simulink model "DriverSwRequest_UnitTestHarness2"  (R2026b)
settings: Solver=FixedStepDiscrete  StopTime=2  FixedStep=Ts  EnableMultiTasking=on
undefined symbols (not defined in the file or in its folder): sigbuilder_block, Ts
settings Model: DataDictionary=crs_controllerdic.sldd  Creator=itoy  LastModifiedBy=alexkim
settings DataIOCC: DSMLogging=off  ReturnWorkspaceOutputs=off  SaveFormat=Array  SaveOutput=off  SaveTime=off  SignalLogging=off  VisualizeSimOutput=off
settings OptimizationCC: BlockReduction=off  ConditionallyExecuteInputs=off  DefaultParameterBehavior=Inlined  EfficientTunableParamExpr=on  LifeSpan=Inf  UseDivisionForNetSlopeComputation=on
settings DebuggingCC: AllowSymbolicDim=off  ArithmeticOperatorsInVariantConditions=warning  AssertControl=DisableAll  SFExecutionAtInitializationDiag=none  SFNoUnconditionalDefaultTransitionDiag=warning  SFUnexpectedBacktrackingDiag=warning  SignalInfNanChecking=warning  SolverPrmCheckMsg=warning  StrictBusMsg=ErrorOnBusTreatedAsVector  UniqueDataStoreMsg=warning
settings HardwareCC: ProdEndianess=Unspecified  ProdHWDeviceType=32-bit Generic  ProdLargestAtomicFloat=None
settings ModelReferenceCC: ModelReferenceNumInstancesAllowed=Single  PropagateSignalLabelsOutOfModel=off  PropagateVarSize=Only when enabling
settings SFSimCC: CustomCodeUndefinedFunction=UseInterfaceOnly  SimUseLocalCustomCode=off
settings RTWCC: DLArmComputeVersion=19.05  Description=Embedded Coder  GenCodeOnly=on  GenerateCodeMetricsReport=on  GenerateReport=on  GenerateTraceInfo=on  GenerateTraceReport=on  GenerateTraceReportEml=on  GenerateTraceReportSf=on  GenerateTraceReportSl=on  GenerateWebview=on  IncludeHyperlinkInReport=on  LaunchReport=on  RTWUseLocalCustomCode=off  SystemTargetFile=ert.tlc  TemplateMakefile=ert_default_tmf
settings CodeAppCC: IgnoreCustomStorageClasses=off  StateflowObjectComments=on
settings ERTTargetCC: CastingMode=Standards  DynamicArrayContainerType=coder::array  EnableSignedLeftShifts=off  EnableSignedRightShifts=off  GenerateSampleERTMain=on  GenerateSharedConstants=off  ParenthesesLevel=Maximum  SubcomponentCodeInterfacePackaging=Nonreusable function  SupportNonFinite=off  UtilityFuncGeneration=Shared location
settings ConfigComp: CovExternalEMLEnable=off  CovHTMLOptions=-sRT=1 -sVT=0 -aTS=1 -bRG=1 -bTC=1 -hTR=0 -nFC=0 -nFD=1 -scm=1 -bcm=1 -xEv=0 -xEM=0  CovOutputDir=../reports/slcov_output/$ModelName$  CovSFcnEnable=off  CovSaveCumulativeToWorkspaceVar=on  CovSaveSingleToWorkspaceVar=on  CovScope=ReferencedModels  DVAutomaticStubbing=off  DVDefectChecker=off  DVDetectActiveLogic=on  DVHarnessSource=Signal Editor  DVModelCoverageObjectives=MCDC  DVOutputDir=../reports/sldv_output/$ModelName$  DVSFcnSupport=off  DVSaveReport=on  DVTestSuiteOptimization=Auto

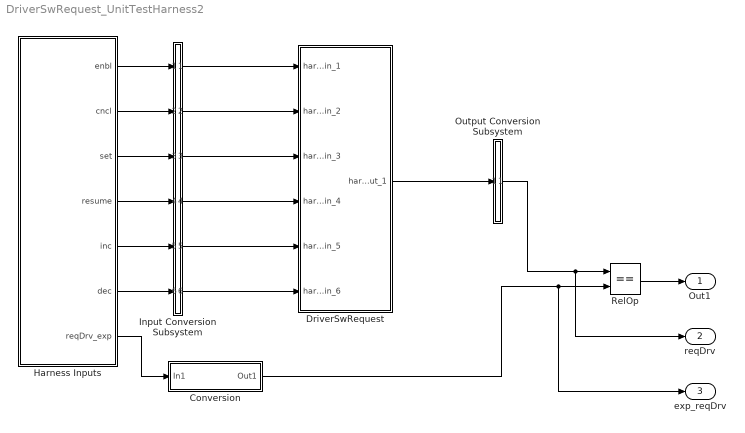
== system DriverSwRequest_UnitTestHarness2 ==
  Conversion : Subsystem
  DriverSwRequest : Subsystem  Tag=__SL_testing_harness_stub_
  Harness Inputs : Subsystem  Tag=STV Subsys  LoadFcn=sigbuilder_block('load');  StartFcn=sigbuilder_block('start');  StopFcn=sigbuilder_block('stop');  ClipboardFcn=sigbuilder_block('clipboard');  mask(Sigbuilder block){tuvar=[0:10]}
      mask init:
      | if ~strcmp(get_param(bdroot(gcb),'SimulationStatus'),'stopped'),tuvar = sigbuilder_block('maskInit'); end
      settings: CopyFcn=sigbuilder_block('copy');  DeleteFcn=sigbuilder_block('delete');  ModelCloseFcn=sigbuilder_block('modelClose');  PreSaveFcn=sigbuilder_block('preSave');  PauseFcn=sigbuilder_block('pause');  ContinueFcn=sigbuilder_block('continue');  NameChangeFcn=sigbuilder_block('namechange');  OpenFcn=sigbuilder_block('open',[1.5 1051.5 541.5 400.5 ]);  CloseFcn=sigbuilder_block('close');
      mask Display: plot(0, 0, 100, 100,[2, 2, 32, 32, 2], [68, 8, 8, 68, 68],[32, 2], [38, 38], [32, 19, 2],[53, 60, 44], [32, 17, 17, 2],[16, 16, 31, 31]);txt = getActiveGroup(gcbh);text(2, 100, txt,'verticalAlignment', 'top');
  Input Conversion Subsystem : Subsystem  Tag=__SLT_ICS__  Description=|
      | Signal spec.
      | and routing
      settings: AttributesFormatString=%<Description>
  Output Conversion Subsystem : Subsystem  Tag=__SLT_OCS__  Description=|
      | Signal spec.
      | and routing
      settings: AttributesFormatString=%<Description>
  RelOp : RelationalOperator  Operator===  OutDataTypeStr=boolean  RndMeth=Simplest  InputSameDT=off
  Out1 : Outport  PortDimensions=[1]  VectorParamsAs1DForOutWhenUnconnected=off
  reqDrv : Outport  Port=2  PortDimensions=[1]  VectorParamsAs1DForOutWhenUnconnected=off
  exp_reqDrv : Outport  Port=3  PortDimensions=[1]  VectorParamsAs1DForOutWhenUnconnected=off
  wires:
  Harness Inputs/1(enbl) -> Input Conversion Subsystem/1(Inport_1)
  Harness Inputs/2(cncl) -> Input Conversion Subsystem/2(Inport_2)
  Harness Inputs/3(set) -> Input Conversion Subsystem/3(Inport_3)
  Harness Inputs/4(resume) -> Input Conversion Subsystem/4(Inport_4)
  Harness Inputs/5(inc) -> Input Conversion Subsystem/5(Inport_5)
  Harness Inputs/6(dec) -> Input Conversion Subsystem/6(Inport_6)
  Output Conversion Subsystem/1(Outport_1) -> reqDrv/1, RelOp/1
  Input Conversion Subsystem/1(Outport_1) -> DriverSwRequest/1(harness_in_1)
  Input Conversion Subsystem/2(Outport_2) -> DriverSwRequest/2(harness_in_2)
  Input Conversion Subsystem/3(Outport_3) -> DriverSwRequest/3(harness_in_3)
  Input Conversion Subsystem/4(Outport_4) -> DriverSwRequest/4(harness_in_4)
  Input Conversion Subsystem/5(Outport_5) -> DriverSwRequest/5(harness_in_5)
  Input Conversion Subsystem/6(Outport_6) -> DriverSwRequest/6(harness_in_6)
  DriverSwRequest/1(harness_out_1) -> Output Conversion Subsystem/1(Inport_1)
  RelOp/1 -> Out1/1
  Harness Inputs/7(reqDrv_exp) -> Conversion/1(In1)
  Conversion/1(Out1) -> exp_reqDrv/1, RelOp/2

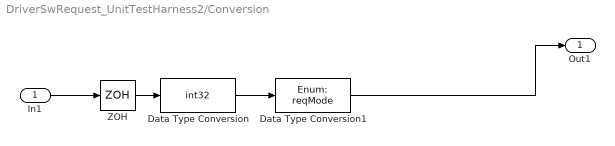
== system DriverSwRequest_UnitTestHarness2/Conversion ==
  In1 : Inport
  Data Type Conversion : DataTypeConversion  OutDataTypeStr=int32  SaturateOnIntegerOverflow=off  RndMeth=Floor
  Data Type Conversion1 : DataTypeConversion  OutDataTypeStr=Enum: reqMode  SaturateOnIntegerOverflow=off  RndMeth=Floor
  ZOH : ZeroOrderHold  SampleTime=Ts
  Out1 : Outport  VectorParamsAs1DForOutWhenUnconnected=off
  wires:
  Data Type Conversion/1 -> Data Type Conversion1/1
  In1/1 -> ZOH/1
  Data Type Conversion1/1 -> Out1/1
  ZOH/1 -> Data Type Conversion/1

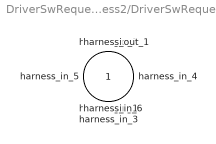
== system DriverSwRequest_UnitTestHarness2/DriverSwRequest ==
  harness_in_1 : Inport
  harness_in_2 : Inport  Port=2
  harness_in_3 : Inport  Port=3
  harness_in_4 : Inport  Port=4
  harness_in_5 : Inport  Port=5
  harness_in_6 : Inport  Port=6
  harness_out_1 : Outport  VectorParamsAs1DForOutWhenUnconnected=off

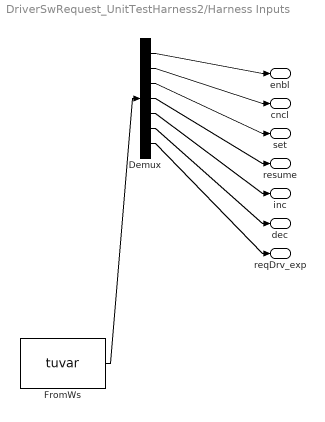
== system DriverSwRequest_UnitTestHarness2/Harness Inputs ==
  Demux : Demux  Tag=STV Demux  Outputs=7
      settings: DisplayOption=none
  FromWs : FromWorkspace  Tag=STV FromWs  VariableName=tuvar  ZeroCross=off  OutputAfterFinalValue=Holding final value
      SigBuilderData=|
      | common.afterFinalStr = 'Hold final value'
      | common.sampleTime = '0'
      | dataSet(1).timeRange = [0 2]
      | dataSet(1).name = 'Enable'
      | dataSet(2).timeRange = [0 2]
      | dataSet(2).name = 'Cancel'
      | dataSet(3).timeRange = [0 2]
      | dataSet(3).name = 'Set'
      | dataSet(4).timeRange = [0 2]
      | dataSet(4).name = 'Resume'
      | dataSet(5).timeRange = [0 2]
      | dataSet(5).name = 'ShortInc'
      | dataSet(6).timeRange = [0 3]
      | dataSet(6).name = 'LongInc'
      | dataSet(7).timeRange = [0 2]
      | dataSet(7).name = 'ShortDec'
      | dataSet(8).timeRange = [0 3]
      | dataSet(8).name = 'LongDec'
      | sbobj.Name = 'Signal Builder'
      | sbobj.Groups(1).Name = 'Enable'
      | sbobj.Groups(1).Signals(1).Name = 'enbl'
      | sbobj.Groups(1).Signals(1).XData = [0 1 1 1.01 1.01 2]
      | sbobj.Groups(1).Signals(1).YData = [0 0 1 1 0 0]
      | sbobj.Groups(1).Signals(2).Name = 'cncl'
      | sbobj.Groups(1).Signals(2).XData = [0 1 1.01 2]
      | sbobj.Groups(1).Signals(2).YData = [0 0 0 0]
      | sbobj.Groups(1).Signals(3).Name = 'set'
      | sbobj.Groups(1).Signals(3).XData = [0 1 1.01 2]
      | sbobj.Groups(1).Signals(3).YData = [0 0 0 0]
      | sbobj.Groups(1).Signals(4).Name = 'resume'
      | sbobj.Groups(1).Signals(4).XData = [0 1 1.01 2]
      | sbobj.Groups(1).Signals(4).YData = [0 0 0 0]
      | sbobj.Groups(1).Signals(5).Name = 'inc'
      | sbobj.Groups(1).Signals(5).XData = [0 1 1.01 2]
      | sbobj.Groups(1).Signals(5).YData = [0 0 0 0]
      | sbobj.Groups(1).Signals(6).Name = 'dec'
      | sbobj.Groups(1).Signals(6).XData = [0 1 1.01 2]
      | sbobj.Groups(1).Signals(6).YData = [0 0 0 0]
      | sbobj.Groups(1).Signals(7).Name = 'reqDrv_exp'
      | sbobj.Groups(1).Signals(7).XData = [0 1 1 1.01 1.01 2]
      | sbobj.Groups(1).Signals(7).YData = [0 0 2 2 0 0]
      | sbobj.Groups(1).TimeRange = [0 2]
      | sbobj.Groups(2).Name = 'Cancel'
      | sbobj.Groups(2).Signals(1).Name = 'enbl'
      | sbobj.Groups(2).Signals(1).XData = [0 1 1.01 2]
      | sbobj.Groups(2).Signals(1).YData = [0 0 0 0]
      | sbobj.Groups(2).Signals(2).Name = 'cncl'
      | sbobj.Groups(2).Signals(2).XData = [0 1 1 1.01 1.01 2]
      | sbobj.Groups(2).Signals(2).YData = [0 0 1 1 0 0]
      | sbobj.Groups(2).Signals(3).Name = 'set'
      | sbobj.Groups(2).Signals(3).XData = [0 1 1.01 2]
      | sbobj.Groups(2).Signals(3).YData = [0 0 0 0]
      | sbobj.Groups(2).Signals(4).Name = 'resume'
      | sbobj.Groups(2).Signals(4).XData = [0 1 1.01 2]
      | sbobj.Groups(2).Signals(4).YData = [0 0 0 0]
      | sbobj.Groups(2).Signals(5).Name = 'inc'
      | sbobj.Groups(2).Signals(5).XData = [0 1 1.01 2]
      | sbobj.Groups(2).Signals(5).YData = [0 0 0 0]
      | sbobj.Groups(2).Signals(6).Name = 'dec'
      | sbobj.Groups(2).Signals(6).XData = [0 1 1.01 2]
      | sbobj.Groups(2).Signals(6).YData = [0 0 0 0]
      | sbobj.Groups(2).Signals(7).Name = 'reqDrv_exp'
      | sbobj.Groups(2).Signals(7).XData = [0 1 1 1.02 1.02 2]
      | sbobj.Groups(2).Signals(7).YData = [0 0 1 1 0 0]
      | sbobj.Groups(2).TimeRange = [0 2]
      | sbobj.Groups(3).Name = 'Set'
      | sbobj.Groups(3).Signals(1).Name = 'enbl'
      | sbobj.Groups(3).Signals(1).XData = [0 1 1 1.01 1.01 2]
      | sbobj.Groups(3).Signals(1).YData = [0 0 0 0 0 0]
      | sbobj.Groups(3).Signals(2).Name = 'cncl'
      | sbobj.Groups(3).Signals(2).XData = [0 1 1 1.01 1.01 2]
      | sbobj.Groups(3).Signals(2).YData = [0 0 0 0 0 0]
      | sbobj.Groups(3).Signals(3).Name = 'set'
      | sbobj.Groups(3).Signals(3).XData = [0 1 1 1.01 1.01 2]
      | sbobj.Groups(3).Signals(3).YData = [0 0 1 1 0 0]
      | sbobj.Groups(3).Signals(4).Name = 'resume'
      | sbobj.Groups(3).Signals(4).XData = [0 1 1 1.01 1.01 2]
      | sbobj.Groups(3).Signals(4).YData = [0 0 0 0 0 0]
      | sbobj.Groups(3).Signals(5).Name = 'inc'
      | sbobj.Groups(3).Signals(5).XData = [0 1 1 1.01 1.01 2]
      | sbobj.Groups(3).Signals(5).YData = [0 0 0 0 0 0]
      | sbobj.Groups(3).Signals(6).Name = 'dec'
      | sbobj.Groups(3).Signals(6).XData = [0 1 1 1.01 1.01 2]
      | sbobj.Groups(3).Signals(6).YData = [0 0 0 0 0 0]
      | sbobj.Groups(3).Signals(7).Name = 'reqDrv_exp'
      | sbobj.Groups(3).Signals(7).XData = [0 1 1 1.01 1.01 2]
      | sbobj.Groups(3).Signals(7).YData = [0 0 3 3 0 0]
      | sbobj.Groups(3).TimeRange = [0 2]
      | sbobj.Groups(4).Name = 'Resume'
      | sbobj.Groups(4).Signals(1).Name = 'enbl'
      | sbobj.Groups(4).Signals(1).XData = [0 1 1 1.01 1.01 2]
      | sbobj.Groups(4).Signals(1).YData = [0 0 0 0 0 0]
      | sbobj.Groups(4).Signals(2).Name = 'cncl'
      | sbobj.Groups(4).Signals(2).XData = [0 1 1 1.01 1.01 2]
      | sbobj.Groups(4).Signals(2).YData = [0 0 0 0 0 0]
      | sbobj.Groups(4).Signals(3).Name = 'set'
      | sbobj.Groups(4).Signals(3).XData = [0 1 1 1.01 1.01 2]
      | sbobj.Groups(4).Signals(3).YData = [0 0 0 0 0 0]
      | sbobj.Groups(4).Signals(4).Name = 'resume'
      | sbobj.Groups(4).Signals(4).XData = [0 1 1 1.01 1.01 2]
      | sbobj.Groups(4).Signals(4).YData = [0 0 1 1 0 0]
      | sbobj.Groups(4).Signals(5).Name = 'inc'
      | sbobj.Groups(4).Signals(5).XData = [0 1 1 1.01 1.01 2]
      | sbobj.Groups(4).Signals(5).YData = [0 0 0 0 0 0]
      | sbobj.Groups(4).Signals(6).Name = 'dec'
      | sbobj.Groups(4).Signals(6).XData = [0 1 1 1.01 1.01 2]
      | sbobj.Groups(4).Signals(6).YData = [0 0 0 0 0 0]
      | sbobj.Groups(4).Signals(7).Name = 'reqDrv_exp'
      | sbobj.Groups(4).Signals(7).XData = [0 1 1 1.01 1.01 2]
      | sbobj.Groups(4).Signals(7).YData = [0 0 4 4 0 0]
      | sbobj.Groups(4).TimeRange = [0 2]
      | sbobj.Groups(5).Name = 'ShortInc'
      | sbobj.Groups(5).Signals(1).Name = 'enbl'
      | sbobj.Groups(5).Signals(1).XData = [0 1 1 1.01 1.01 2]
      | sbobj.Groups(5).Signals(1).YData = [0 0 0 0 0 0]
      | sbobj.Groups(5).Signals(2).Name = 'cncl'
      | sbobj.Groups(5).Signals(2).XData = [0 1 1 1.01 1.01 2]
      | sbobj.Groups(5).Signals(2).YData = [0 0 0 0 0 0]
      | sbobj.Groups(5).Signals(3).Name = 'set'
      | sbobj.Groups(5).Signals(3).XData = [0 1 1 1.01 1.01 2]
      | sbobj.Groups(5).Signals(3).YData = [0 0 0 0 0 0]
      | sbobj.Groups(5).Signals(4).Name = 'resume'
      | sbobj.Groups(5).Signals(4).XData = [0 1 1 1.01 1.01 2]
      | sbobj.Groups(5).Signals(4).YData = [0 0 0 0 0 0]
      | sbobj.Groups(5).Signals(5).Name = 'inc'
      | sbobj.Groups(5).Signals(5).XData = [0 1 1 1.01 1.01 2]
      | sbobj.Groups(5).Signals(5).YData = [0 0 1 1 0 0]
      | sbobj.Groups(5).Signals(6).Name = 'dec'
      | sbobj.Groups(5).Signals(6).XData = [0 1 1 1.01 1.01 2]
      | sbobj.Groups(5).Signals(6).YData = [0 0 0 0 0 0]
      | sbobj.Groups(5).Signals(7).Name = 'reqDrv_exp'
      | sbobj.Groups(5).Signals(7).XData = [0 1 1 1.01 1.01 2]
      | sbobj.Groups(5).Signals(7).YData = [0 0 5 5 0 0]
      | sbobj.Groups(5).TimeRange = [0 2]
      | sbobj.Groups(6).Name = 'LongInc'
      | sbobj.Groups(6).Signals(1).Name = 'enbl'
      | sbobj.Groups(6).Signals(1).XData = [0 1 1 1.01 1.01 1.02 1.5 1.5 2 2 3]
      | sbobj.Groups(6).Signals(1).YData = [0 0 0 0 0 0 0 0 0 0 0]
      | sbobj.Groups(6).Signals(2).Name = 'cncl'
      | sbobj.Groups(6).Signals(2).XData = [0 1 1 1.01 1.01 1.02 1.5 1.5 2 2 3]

● ● ● ●

**Work request**
Above are the records; restate exactly the lines from the one containing "DriverSwRequest/1(harness_out_1) -> Output" through the one containing "Data Type Conversion : DataTypeConversion", keeping pictures out.

**Answer to the exercise**
  DriverSwRequest/1(harness_out_1) -> Output Conversion Subsystem/1(Inport_1)
  RelOp/1 -> Out1/1
  Harness Inputs/7(reqDrv_exp) -> Conversion/1(In1)
  Conversion/1(Out1) -> exp_reqDrv/1, RelOp/2

== system DriverSwRequest_UnitTestHarness2/Conversion ==
  In1 : Inport
  Data Type Conversion : DataTypeConversion  OutDataTypeStr=int32  SaturateOnIntegerOverflow=off  RndMeth=Floor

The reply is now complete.